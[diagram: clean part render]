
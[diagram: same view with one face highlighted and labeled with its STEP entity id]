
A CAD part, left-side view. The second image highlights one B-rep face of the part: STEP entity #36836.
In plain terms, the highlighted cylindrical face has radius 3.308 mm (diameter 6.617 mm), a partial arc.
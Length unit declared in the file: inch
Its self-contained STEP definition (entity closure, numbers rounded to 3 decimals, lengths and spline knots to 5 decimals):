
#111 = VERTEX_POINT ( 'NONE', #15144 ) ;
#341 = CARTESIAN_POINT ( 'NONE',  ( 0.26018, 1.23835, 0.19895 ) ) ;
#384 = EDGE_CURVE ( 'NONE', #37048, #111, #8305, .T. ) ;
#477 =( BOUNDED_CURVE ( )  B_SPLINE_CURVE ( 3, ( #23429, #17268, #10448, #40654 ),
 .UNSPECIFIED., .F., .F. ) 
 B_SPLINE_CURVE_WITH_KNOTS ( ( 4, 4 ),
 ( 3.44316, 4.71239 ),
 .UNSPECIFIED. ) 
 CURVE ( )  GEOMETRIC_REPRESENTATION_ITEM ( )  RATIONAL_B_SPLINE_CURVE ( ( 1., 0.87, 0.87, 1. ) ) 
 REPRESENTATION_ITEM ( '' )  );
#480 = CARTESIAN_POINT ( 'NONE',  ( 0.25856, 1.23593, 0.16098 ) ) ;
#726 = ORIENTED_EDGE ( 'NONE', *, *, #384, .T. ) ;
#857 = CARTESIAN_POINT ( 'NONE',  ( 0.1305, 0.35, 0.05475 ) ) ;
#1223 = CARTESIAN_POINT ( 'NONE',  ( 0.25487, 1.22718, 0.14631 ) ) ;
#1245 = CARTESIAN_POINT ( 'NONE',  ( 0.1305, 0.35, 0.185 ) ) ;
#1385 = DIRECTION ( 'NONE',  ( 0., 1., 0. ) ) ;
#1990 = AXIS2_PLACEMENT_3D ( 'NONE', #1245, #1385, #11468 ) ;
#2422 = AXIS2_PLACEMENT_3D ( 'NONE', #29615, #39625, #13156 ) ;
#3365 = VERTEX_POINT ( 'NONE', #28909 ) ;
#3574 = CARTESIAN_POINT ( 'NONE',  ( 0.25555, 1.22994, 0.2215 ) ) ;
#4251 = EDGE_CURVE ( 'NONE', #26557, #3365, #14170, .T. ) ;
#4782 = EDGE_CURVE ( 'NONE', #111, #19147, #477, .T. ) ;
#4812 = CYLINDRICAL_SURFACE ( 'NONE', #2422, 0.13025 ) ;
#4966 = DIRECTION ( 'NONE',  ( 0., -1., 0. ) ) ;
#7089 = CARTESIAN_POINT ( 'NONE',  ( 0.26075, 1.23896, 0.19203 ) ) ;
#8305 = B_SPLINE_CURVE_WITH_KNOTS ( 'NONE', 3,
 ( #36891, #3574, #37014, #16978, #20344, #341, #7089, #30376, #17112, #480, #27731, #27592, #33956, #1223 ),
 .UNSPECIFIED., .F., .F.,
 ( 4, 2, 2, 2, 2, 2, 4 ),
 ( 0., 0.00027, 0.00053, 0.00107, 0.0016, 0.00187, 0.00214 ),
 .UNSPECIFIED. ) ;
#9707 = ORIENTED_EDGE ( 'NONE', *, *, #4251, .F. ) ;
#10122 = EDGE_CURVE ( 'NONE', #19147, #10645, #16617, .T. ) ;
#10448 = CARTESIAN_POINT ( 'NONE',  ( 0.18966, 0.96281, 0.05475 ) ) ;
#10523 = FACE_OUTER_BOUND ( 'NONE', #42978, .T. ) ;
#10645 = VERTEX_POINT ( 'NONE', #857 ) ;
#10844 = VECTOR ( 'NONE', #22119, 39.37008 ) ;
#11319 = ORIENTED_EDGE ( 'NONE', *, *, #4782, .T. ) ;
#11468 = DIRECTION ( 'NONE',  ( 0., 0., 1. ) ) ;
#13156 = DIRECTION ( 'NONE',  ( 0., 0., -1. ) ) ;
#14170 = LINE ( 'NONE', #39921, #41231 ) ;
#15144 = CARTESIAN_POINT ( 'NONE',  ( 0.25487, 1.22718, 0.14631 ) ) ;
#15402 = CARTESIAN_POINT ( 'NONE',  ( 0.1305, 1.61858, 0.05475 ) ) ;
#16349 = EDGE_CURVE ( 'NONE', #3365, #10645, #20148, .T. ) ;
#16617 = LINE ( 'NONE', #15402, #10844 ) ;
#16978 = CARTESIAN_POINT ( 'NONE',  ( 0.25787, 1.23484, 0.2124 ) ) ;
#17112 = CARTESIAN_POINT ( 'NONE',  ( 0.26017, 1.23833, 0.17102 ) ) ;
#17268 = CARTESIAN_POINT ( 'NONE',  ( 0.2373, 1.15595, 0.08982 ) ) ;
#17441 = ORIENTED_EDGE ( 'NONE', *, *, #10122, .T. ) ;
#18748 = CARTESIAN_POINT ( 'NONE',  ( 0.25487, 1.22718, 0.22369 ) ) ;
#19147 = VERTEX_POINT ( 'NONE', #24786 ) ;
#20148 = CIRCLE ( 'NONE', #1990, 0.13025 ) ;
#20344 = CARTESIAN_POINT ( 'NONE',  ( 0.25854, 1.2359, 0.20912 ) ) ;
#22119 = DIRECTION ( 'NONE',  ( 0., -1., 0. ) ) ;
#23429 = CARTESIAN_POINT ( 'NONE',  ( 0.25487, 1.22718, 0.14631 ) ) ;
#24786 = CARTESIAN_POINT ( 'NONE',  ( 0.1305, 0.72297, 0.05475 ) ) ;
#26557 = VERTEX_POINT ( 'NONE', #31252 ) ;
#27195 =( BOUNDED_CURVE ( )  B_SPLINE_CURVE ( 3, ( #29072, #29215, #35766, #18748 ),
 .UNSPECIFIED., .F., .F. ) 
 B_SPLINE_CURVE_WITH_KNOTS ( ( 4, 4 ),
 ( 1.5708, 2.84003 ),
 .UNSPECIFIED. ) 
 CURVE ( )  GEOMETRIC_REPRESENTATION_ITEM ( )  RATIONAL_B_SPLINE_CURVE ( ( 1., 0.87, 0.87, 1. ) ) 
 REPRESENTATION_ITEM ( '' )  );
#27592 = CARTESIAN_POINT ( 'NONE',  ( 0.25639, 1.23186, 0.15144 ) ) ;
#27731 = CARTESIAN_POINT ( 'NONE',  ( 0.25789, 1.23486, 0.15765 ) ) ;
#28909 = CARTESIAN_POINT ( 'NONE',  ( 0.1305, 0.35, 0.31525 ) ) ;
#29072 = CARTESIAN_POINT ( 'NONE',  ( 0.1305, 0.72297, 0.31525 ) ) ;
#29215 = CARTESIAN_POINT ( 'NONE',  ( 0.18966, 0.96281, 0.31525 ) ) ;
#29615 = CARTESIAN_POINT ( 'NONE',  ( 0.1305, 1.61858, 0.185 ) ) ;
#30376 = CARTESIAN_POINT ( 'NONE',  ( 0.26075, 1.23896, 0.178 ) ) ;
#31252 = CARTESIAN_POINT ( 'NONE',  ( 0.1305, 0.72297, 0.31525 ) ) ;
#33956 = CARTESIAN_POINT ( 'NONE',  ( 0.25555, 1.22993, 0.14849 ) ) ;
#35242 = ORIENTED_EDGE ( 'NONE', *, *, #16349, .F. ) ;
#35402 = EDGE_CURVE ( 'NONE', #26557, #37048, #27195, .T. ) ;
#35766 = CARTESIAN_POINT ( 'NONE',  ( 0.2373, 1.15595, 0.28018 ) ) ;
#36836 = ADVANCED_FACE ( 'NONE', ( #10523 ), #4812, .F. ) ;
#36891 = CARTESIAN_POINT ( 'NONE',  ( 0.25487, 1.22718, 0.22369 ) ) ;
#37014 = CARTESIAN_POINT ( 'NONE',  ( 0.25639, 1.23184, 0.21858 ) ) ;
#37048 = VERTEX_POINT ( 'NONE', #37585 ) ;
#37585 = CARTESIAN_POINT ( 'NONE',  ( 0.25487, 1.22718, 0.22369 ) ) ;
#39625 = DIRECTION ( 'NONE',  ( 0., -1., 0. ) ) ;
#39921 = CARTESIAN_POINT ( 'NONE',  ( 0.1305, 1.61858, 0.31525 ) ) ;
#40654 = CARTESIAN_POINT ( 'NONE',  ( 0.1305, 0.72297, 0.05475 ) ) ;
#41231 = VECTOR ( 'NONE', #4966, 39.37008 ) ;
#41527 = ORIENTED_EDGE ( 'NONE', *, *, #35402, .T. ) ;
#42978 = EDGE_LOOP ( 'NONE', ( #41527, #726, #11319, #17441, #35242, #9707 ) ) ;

-.-.-

* **What the task requires**
What you give back should be only the lines of the records above, starting at the line with "#37585 = CARTESIAN_POINT" and ending at the line with "#39921 = CARTESIAN_POINT", restated word for word.

* **Solution**
#37585 = CARTESIAN_POINT ( 'NONE',  ( 0.25487, 1.22718, 0.22369 ) ) ;
#39625 = DIRECTION ( 'NONE',  ( 0., -1., 0. ) ) ;
#39921 = CARTESIAN_POINT ( 'NONE',  ( 0.1305, 1.61858, 0.31525 ) ) ;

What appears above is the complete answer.